As genres go, the historical novel perhaps presents as many pitfalls as triumphs. One obvious merit is that the material is ‘already there”, waiting, as it were, to be used. It is easy, however, to fall into a straitjacket, to misrepresent the spirit, the language and sometimes even the events of the time.
British literary critic Theo Tait argues that one of the ways in which the historical novel works is to take a well-known story, give a marginalised character centre stage and let him or her tell the story.
This is what Yvette Christiansë, author of Unconfessed (Kwela Books), has done in her novel, an ambitious and intelligent book, finalist at this year’s Hemingway/Pen International Award for First Fiction. Fetchingly compared with Nobel laureate Toni Morrison’s Beloved, Unconfessed is a fictional take of Sila van der Kaap, a Cape slave woman. She was condemned to die by the courts in the 19th century for infanticide. Sila’s sentence was later commuted to 14 years on Robben Island.
In a way this novel is an attempt to grapple with a painful slave past that, in South Africa, remains largely unwritten; Sila, appropriately enough, speaks of the continent’s southern tip as the ‘Cape of Tears, Cape of Death, Cape of Struggles”.
‘There is no tradition of the slave narrative,” Christiansë says. She says Unconfessed is her coming to terms with a narrative form that is largely unknown in South Africa. As she wrote the book, the questions foremost in her mind were what if there were a slave narrative and if so, the possible form it would take.
‘It was a story I couldn’t resist,” she says of the book she researched for more than 10 years and which involved poring through court records from the 19th century.
‘I am suspicious about being well received by Americans,” she says, expressing surprise at the warm reception of the book in the United States. ‘I thought the book would be completely foreign to them,” she says, ascribing that largely to the ‘stilted way in which Sila speaks”. She ‘wanted Sila to trouble the English”. I was so engrossed in the conversation that I forgot to ask whether Christiansë meant the language or the people.
Christiansë says writing the book presented a different set of challenges. ‘It challenged me technically and ethically,” she says in the tones of a professor; she teaches at Fordham University in the US. She began writing the novel in the third person and changed into the first person when she thought that a detached narrator was ‘shielding me from the proximity of the experience,” she says during our interview in Parktown West, Johannesburg, where she was staying with friends.
Two days later, at a reading of the book at Wits University’s English department, she says working in a tradition where the slave narrative is virtually absent was liberating. Using the first-person narrator involved listening to Sila. ‘I just sat listening to Sila. She put me in the experience and I didn’t want to be there.”

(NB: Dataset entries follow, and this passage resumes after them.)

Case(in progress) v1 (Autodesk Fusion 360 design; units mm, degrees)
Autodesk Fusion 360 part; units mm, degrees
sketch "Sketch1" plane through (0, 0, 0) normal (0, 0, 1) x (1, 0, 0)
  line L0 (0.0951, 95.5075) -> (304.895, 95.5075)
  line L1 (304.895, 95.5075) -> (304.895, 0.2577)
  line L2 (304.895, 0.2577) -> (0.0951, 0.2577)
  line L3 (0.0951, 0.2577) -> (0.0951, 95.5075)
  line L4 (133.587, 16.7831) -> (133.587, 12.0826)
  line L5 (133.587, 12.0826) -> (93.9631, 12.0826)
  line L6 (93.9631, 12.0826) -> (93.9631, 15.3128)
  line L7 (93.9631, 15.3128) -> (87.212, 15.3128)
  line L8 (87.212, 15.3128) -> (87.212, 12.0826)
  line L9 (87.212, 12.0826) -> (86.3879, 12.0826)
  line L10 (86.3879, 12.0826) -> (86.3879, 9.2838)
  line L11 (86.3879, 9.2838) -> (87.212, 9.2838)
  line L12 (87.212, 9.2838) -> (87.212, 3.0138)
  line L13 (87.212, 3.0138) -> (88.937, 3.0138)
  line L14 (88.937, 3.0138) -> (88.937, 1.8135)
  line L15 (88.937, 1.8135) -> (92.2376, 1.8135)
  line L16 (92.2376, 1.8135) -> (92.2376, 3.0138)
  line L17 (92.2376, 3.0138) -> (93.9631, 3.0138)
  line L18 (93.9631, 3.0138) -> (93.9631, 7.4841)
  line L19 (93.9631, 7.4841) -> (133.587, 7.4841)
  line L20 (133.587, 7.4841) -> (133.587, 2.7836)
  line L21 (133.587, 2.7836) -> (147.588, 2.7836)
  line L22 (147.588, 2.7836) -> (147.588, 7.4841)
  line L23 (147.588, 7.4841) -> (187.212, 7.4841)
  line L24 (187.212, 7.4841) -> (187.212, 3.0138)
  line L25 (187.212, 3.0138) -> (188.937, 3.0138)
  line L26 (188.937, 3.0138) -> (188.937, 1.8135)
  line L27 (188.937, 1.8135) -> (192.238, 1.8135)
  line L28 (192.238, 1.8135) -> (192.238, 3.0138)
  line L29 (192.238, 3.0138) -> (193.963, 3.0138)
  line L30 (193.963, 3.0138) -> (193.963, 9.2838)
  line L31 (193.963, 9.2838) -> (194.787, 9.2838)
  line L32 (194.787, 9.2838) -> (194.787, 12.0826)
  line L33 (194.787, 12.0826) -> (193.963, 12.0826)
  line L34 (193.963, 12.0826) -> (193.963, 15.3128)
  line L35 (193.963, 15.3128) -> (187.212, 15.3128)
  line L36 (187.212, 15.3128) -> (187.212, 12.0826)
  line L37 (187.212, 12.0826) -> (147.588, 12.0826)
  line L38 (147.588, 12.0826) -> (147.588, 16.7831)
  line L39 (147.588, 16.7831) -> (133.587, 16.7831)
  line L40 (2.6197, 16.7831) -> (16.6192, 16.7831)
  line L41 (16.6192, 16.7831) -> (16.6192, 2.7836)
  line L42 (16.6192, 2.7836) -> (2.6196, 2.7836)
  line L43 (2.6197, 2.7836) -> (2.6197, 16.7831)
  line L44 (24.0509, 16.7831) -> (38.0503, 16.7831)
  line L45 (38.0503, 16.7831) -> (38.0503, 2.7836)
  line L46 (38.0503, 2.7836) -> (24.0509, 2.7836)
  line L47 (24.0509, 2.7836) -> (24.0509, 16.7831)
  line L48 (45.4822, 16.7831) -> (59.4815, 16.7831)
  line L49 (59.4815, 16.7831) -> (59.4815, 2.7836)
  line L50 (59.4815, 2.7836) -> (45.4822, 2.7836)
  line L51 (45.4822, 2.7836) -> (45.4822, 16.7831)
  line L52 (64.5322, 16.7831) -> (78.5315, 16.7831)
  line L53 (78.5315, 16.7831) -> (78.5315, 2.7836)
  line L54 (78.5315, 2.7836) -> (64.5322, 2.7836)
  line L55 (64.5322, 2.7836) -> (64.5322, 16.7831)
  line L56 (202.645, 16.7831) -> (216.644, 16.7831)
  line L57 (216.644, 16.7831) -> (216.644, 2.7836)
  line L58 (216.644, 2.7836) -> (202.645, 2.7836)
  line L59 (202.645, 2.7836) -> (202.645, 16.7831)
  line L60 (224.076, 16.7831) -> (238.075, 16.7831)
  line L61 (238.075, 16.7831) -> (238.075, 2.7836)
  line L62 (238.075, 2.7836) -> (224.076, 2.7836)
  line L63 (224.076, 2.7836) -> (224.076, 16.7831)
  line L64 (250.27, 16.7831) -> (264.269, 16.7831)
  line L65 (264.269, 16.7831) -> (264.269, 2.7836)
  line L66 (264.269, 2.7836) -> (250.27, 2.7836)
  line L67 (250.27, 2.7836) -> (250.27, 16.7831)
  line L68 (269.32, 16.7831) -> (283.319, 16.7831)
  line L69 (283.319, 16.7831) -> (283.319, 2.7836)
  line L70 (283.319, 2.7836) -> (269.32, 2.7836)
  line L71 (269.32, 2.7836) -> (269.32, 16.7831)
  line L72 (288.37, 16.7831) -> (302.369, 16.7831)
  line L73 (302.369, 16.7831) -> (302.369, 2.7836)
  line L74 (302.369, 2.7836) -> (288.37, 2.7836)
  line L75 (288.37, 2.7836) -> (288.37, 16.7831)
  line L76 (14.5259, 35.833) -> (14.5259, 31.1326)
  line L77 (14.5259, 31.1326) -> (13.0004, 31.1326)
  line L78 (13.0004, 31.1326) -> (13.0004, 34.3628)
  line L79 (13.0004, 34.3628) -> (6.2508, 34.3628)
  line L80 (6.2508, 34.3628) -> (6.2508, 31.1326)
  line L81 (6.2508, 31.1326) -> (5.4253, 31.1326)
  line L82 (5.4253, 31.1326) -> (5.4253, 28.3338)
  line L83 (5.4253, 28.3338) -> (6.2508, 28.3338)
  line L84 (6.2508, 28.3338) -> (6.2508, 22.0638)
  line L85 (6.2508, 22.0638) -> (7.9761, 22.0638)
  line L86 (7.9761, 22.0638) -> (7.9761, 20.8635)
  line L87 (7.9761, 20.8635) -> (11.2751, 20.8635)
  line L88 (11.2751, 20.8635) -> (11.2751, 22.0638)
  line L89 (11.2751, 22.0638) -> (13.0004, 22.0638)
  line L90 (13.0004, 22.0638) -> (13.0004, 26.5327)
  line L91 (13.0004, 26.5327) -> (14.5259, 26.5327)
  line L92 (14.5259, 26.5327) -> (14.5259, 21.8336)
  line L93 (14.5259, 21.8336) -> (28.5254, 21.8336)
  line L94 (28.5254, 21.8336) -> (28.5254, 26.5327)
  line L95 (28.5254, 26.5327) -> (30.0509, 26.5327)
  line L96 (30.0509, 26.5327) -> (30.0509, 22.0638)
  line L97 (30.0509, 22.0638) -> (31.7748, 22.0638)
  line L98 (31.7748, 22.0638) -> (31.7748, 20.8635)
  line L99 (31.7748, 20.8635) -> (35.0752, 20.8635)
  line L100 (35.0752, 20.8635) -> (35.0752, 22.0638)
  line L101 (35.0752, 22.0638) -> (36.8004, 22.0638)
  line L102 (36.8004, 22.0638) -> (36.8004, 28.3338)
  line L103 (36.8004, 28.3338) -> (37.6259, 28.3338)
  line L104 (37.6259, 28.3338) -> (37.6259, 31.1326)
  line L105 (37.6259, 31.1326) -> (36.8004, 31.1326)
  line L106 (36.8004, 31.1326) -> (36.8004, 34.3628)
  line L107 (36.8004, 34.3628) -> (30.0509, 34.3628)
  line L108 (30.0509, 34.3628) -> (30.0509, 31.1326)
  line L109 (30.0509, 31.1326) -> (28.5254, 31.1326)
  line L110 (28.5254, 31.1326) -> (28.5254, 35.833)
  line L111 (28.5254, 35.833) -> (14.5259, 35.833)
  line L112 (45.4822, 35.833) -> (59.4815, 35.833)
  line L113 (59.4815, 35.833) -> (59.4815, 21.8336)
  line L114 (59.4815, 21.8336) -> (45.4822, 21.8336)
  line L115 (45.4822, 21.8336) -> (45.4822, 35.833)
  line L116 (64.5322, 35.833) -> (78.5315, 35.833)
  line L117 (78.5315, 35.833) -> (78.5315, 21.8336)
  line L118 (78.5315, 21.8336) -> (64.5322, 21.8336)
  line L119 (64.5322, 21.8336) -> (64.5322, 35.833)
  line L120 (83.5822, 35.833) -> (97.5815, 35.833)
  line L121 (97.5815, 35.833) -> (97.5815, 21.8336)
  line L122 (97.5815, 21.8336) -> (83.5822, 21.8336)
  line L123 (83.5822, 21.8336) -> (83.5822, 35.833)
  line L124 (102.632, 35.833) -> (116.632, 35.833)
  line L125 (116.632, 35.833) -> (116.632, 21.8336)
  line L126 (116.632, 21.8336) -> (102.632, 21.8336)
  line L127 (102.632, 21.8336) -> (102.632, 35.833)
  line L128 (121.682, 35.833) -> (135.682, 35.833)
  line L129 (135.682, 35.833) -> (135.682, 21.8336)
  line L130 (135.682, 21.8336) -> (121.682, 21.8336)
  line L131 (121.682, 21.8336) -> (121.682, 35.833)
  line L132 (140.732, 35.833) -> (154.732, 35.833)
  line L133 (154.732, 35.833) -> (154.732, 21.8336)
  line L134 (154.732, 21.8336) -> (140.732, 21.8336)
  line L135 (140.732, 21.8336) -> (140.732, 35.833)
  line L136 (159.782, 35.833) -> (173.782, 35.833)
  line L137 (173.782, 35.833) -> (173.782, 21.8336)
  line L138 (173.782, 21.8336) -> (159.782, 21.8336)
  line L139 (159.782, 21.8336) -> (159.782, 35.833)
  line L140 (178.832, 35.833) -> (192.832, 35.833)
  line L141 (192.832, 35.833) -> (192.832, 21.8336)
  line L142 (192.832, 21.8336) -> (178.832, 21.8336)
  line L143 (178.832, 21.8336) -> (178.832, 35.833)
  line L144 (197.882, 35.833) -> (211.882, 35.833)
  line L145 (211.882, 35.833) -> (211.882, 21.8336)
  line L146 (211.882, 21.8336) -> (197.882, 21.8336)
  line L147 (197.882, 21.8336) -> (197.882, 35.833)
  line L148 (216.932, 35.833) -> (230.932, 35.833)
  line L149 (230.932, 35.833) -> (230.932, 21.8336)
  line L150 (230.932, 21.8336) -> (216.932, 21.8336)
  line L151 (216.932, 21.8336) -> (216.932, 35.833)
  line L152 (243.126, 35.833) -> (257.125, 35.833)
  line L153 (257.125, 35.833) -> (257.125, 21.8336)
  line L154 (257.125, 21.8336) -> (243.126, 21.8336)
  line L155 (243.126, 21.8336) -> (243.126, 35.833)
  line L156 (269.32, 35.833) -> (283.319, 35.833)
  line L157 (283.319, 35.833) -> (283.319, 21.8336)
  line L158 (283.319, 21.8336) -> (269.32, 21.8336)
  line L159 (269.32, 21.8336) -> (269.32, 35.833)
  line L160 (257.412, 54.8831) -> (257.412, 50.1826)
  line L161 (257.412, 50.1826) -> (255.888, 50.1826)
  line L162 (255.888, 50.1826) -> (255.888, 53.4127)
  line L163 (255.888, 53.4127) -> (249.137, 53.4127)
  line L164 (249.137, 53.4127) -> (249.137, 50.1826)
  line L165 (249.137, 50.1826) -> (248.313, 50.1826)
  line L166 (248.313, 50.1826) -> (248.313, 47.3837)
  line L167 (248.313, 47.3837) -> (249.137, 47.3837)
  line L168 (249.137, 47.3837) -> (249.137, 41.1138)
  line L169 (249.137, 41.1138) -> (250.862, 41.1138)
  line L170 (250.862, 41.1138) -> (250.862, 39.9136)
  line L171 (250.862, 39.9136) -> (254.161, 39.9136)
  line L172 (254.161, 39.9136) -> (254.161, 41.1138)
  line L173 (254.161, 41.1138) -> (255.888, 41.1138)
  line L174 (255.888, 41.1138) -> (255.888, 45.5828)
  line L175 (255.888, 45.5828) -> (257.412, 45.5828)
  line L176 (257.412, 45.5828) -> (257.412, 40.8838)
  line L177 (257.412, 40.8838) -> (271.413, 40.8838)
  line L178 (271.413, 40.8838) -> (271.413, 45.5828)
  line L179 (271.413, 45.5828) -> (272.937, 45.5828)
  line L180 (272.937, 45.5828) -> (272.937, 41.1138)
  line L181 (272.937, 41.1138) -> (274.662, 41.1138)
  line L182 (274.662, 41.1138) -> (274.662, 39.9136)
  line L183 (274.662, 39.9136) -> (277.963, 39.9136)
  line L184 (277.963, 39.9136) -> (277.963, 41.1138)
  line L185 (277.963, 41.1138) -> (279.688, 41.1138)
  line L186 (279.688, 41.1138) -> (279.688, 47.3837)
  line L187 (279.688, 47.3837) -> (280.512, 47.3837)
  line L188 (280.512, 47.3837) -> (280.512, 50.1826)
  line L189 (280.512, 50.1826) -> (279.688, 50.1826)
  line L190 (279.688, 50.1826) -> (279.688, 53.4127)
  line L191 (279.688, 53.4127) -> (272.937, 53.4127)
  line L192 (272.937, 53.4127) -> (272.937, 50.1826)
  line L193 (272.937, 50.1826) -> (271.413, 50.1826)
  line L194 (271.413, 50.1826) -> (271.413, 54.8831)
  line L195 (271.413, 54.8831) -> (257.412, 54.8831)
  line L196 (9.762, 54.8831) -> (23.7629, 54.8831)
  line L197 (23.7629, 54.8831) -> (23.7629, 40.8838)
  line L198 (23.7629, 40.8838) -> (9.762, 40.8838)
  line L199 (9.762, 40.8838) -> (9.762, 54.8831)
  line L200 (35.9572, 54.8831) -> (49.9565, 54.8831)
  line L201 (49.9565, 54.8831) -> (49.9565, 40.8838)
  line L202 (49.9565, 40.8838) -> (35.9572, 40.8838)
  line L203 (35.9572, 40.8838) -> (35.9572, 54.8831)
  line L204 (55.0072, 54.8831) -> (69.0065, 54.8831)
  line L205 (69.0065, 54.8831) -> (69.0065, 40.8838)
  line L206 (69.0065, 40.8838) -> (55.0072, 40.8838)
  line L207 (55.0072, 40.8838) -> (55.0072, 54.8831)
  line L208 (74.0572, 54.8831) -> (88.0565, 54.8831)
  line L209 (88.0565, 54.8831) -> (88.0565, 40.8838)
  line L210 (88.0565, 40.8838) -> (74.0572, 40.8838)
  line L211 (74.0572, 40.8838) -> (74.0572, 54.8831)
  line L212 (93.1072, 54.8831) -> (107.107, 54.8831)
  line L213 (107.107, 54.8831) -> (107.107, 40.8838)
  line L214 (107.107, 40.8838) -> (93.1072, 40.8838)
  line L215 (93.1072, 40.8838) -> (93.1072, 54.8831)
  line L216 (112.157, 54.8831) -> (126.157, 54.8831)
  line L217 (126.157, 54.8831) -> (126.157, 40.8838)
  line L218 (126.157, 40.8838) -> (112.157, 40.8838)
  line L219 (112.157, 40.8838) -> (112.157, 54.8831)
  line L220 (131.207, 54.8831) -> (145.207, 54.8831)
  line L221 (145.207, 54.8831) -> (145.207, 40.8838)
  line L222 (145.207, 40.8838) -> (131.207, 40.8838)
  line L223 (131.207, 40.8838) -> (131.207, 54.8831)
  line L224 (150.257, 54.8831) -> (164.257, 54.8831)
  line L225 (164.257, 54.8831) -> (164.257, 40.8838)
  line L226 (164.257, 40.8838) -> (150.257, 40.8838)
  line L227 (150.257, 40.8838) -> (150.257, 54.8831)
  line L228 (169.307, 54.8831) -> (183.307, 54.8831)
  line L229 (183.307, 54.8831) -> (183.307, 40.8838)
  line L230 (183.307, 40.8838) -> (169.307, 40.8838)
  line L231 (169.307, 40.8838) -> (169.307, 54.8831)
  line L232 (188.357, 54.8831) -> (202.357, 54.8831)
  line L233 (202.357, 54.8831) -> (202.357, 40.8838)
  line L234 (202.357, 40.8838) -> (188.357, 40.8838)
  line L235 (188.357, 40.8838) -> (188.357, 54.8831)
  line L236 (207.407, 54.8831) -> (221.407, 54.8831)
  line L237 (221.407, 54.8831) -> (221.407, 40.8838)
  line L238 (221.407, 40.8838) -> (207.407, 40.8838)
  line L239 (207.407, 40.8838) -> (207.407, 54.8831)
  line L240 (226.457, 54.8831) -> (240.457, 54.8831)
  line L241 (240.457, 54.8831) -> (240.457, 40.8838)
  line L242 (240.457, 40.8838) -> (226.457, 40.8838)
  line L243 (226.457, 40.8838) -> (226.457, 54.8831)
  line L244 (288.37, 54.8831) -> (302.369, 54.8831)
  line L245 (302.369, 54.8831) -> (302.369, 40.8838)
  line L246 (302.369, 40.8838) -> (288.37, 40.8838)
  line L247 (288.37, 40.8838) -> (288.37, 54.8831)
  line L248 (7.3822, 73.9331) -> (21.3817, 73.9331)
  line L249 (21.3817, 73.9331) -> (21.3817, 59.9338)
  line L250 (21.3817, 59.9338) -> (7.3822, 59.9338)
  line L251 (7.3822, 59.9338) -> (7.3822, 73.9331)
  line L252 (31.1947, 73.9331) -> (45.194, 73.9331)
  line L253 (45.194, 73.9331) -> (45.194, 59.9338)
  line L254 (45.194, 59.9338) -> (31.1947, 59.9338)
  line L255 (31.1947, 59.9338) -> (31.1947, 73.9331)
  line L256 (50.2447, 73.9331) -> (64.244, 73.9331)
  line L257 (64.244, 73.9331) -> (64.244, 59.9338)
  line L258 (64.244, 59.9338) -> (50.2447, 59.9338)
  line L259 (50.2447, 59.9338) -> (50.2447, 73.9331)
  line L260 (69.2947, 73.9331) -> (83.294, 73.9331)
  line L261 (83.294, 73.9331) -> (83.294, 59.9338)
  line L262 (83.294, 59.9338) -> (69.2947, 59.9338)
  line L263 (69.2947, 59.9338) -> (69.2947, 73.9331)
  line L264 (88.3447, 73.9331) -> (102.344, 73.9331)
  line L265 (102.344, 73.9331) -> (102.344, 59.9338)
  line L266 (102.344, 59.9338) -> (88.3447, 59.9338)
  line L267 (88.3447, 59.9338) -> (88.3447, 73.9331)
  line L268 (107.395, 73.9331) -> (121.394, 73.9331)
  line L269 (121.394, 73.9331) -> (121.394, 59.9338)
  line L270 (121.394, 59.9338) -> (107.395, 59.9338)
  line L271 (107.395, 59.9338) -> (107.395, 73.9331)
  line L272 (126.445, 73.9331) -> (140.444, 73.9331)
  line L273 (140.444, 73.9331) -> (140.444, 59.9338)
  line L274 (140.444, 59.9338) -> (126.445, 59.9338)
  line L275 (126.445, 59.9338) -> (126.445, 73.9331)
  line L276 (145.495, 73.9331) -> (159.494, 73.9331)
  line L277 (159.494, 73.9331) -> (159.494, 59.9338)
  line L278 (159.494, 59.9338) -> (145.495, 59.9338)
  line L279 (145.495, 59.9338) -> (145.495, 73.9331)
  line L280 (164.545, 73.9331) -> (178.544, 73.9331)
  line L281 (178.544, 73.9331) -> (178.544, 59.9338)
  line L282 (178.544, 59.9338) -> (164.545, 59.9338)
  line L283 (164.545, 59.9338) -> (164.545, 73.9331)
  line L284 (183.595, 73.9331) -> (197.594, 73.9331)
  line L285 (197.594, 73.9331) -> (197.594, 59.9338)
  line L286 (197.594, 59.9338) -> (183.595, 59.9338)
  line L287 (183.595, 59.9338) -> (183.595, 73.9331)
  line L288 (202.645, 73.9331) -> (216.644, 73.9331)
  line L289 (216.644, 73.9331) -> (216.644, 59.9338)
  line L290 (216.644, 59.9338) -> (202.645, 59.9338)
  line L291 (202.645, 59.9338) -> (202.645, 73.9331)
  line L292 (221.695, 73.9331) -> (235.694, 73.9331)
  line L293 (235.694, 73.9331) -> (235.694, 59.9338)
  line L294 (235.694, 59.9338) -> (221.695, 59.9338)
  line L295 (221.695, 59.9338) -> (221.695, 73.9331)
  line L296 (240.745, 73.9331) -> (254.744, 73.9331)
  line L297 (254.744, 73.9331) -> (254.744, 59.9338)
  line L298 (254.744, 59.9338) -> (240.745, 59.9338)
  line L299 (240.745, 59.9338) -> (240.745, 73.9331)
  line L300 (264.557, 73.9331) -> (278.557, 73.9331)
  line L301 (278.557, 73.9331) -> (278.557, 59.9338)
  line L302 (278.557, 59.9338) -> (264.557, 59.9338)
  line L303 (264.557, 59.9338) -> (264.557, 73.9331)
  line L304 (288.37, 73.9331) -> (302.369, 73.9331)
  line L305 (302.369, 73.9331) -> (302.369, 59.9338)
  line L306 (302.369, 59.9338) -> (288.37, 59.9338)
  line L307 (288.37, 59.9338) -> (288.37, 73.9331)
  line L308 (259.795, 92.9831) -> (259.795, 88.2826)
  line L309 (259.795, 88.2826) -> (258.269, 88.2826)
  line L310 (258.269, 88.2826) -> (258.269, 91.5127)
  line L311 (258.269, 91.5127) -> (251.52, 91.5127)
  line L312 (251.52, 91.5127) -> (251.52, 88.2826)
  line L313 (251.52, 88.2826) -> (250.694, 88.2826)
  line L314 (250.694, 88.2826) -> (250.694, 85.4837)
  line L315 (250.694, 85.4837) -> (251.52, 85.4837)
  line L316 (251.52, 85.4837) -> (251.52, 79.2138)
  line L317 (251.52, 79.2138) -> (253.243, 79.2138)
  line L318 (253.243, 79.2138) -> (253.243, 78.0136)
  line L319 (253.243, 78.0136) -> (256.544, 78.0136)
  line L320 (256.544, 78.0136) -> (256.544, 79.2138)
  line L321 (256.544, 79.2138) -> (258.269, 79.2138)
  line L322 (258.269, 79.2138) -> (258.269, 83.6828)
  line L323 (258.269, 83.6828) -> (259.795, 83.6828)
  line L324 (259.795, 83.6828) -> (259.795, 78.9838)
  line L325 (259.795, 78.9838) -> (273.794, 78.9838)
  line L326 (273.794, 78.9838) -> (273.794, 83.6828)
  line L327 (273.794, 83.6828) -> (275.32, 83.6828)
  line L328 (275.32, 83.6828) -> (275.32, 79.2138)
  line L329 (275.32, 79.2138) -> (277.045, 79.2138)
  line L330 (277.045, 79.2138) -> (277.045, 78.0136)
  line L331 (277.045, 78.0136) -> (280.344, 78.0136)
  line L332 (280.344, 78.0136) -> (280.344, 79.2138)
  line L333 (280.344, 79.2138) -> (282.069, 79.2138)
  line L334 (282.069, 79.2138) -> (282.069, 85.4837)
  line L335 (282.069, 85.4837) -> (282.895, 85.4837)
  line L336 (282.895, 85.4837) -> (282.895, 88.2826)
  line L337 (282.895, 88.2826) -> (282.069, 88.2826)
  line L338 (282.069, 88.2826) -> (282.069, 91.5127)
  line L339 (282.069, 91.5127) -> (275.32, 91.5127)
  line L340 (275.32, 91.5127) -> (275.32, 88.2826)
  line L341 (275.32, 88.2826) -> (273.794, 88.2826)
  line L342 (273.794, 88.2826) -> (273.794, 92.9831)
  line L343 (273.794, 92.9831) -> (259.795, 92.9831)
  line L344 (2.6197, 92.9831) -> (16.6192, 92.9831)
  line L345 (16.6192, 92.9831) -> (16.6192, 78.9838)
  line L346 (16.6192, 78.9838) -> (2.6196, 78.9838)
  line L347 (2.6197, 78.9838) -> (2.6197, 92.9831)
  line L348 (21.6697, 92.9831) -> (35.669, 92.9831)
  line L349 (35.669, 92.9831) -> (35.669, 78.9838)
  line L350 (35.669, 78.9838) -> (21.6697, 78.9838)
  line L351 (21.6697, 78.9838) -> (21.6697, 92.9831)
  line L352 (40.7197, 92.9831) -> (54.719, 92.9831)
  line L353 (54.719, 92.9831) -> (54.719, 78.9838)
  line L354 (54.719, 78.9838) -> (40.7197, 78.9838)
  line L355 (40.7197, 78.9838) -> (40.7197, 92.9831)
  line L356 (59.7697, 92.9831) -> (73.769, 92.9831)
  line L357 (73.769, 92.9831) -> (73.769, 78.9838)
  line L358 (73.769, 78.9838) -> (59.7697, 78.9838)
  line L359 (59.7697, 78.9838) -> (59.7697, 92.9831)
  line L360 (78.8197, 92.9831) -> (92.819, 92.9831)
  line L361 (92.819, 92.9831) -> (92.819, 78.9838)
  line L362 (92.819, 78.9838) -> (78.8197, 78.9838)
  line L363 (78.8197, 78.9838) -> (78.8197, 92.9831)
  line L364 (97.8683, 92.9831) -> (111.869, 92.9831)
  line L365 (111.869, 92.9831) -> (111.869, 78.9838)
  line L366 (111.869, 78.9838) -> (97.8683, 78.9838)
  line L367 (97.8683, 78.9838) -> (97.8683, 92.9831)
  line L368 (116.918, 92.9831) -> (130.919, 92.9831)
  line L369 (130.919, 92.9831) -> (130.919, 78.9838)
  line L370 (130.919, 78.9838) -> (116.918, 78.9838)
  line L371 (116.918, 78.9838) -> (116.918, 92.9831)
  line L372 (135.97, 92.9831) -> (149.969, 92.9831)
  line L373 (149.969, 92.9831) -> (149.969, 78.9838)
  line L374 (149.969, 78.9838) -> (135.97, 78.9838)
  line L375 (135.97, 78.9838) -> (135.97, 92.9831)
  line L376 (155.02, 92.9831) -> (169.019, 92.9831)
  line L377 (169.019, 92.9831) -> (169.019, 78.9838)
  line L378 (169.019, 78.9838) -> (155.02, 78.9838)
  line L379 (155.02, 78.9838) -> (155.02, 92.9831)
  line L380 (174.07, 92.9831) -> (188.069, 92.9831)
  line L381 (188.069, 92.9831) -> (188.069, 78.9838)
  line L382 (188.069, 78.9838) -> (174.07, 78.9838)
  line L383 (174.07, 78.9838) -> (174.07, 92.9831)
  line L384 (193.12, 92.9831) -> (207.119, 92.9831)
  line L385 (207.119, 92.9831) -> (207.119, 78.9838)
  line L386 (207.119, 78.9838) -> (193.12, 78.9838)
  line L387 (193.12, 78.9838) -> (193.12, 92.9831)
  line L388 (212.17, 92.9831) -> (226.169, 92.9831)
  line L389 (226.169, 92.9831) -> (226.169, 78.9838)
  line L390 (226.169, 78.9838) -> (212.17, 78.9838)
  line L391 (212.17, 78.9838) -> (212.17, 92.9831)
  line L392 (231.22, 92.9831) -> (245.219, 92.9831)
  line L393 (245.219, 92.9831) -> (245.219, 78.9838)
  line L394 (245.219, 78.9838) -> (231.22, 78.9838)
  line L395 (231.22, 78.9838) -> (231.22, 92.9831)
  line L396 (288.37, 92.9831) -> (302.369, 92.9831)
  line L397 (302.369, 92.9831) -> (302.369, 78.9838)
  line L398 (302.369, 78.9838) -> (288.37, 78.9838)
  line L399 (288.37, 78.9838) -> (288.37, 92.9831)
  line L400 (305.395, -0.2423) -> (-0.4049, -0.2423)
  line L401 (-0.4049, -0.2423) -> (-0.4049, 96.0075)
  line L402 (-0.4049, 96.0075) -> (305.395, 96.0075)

There is so much to shock — ‘a man would rather a good dog than a woman” — and helpings of striking metaphors such as ‘the wind that blew in like a bad relative” and ‘I have never liked tongue. I do not eat anything that can taste me back”.
There is a certain succinctness only the world-weary have a capacity for: for instance, when Sila says, ‘it is hard to be a mother in this country”. The book retains a certain orality that is vivid even across languages: ‘Hunger is a demon with two heads. One head lives in a person’s stomach, one head lives in a person’s heart.”
During the interview I say to Christiansë that I felt sometimes Sila spoke above her station. These could be my prejudices, but I point out that she is unschooled, so how does she manage it? For instance, referring to her child she says: ‘Baby, I am your mother. I am the one who should know all things about you because I was there, but I am already less than your mother because I do not know which one is your father.”
Or, ‘after all these years, my body still has no say in what happens to it”. Her awareness of the fluidity of history is striking: ‘There is no behind. This is behind. And there is no forward.” Her questioning the very logic of slavery would confound the abolitionists and slave owners alike: ‘Do you think there could be something inside us that makes us slaves and them our masters and misses?”
Christiansë says this is her attempt at validating what she calls ‘discredited” and ‘folk knowledge” and a challenge to a system that said ‘few people are capable of thinking if they are not white”. ‘I am trying to say that slavery was wrong in assuming that blacks didn’t know what was being done to them,” she says.
What really caught my attention was the book’s version of asserting femaleness. The word feminism seems a bit anachronistic and, anyway, Christiansë expresses dislike for it, arguing that this is the kind of book she could not have written from an ideological viewpoint. I won’t be surprised when female and male feminists celebrate her. For instance, when Sila says ‘life is a disease women get from men”, or when she says that ‘after one day in the company of this man, I was jealous and afraid. And why? It is to do with the way the world sets itself around men. Are men like the moon and women like the stars?”
Or this crowning statement on her several relationships with men: ‘These men have been with me, but I have never been with them.”
It is a moving tale, one of the kind the whole range of emotions — from outrage, hatred, love and respect to despair — can’t quite contain. An uneasy read, but who says slavery, infanticide and death are easy?.